# Why are the chinese buying all the wood



## Knotholeexoticwood (Oct 16, 2013)

I believe they are making caskets for all the people dieing there .They have polluted there rivers, land and air so bad there is no clean water anywhere the air is so bad that you can not see your nose and dump so many deadly chiemcals in the ground just for money it not funny. I had a friend that was over there to teach them how to do old time black smithing he come back and one year later died of cancer. And most of the people there are dieing at a rate that is not funny because of greed. And all the polluted air and water is starting to make it to the U.S now. There use to be a billon Chinese. If you were a tree would you want to grow in china?????


----------



## Gary Max (Oct 16, 2013)

And just think------------ all they pollute will be here some day soon.


----------



## jimmyjames (Oct 16, 2013)

My father was just over in china and all the pictures he took are foggy from how bad the pollution is, there's small coal fired power plants everywhere, he said everything there smelled like coal smoke, people dumping human waste in the streets, there's no such thing as getting rid of chemicals safely, its all dumped on the ground. Also most of theyre food comes from the water that they polite, they eat anything that moves in the streams, rivers and ocean, which is all highly contaminated from the pollution. The Chinese buy up all the wood and other materials for manufacturing.


----------



## Kevin (Oct 16, 2013)

I didn't realize it was as bad as what it sounds. I don't understand why they are dumping waste in the streets.
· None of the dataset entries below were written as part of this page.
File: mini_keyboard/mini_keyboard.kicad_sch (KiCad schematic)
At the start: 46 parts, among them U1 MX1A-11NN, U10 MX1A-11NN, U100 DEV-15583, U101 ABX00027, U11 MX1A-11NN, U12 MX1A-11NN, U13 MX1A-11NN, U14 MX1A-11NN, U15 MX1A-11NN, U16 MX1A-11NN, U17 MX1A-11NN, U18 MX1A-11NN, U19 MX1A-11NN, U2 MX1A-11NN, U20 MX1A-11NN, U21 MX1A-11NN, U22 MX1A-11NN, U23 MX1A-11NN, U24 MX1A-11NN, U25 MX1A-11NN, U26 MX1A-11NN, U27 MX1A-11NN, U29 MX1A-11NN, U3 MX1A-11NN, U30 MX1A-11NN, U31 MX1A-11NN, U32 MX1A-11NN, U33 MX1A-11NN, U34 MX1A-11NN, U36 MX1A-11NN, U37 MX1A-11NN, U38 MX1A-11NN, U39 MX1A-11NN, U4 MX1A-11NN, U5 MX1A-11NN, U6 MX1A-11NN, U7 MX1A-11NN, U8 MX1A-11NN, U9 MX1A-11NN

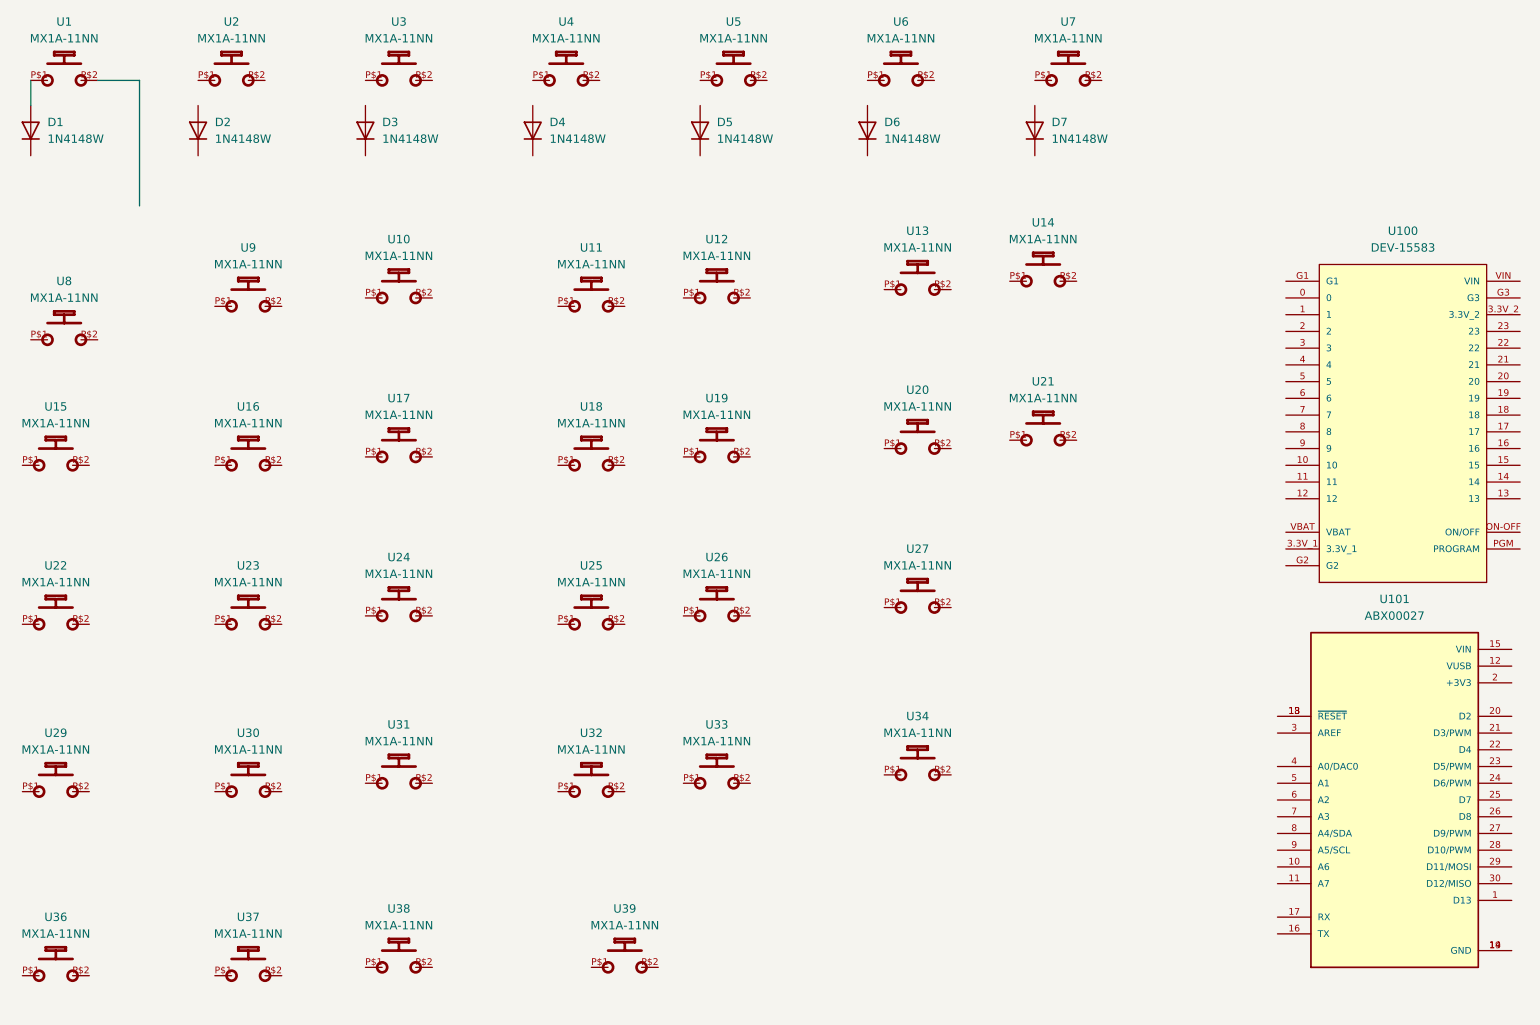
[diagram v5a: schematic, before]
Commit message: initial placement of all diodes
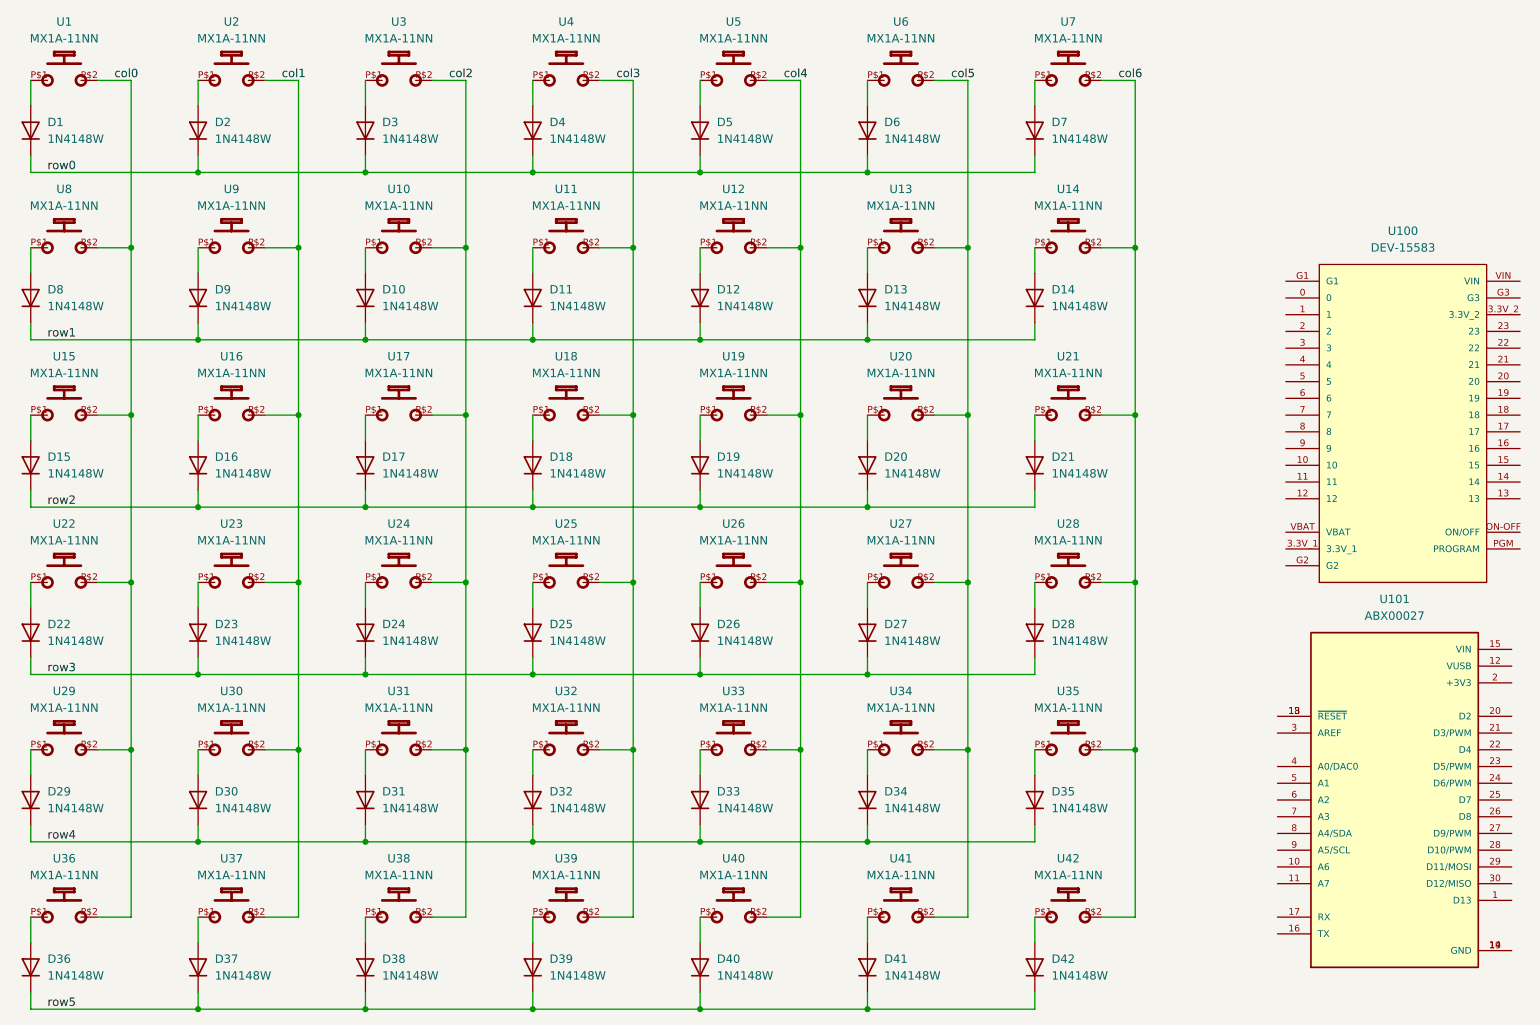
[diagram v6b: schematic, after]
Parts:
- added D10, D11, D12, D13, D14, D15, D16, D17, D18, D19, D20, D21, D22, D23, D24, D25, D26, D27, D28, D29, D30, D31, D32, D33, D34, D35, D36, D37, D38, D39, D40, D41, D42, D8, D9: 1N4148W, Diode_SMD:D_SOD-123, symbol Diode:1N4148W
- added U28, U35, U40, U41, U42: MX1A-11NN, pedrolib:CHERRY_MX1A-11NN_SWITCH, symbol pedrolib:MX1A-11NN
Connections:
- net row0: now reaches D3.1 (K)
- net row0: now also D1.1 (K), D2.1 (K), D4.1 (K), D5.1 (K), D6.1 (K), D7.1 (K)
- net at D3.2 (A): now also U3.P$1
- net at U27.P$1: now also D27.2 (A)
- net col5: now reaches U27.P$2
- net col5: now also U13.P$2, U20.P$2, U34.P$2, U6.P$2, U41.P$2
- net at U18.P$1: now also D18.2 (A)
- net col3: now reaches U18.P$2
- net col3: now also U11.P$2, U25.P$2, U32.P$2, U39.P$2, U4.P$2
- net at U38.P$1: now also D38.2 (A)
- net col2: now reaches U38.P$2
- net col2: now also U10.P$2, U17.P$2, U24.P$2, U3.P$2, U31.P$2
- net at D6.2 (A): now also U6.P$1
- net at U29.P$1: now also D29.2 (A)
- net col0: now reaches U29.P$2
- net col0: now also U1.P$2, U15.P$2, U22.P$2, U36.P$2, U8.P$2
- net at D5.2 (A): now also U5.P$1
- net at U30.P$1: now also D30.2 (A)
- net col1: now reaches U30.P$2
- net col1: now also U16.P$2, U2.P$2, U23.P$2, U37.P$2, U9.P$2
- net at U13.P$1: now also D13.2 (A)
- net col4: now reaches U5.P$2
- net col4: now also U12.P$2, U19.P$2, U26.P$2, U33.P$2, U40.P$2
- net at U23.P$1: now also D23.2 (A)
- net at U14.P$1: now also D14.2 (A)
- net col6: now reaches U14.P$2
- net col6: now also U21.P$2, U7.P$2, U28.P$2, U35.P$2, U42.P$2
- net at U20.P$1: now also D20.2 (A)
- net at U8.P$1: now also D8.2 (A)
- net at U22.P$1: now also D22.2 (A)
- net at D2.2 (A): now also U2.P$1
- net at U33.P$1: now also D33.2 (A)
- net at U17.P$1: now also D17.2 (A)
- net at U19.P$1: now also D19.2 (A)
- net at U36.P$1: now also D36.2 (A)
- net at U39.P$1: now also D39.2 (A)
- net at U34.P$1: now also D34.2 (A)
- net at U7.P$1: now also D7.2 (A)
- net at D4.2 (A): now also U4.P$1
- net at U15.P$1: now also D15.2 (A)
- net at U9.P$1: now also D9.2 (A)
- net at U24.P$1: now also D24.2 (A)
- net at U25.P$1: now also D25.2 (A)
- net at U37.P$1: now also D37.2 (A)
- net at U32.P$1: now also D32.2 (A)
- net at U26.P$1: now also D26.2 (A)
- net at U16.P$1: now also D16.2 (A)
- net at U11.P$1: now also D11.2 (A)
- net at U21.P$1: now also D21.2 (A)
- net at U31.P$1: now also D31.2 (A)
- net at U10.P$1: now also D10.2 (A)
- net at U12.P$1: now also D12.2 (A)
- new net: D40.2 (A), U40.P$1
- new net: D35.2 (A), U35.P$1
- new net: D41.2 (A), U41.P$1
- new net: D42.2 (A), U42.P$1
- new net: D28.2 (A), U28.P$1
- new net row1: D10.1 (K), D11.1 (K), D12.1 (K), D13.1 (K), D14.1 (K), D8.1 (K), D9.1 (K)
- new net row2: D15.1 (K), D16.1 (K), D17.1 (K), D18.1 (K), D19.1 (K), D20.1 (K), D21.1 (K)
- new net row3: D22.1 (K), D23.1 (K), D24.1 (K), D25.1 (K), D26.1 (K), D27.1 (K), D28.1 (K)
- new net row4: D29.1 (K), D30.1 (K), D31.1 (K), D32.1 (K), D33.1 (K), D34.1 (K), D35.1 (K)
- new net row5: D36.1 (K), D37.1 (K), D38.1 (K), D39.1 (K), D40.1 (K), D41.1 (K), D42.1 (K)

Their population hasn't increased all that much percentage wise. In 1982 they had a billion worker bees. They now have 1.3B. So it's like the current population of the USA has moved to China over the past 30 years. My guess is that while the population hasn't increased that much relative to their land mass, the reason for the environmental disasters is because China has been transformed from a basically agrarian society to an industrialized one. This means the rural populations have decreased dramatically and relocated to population centers. Too many rats in the box. 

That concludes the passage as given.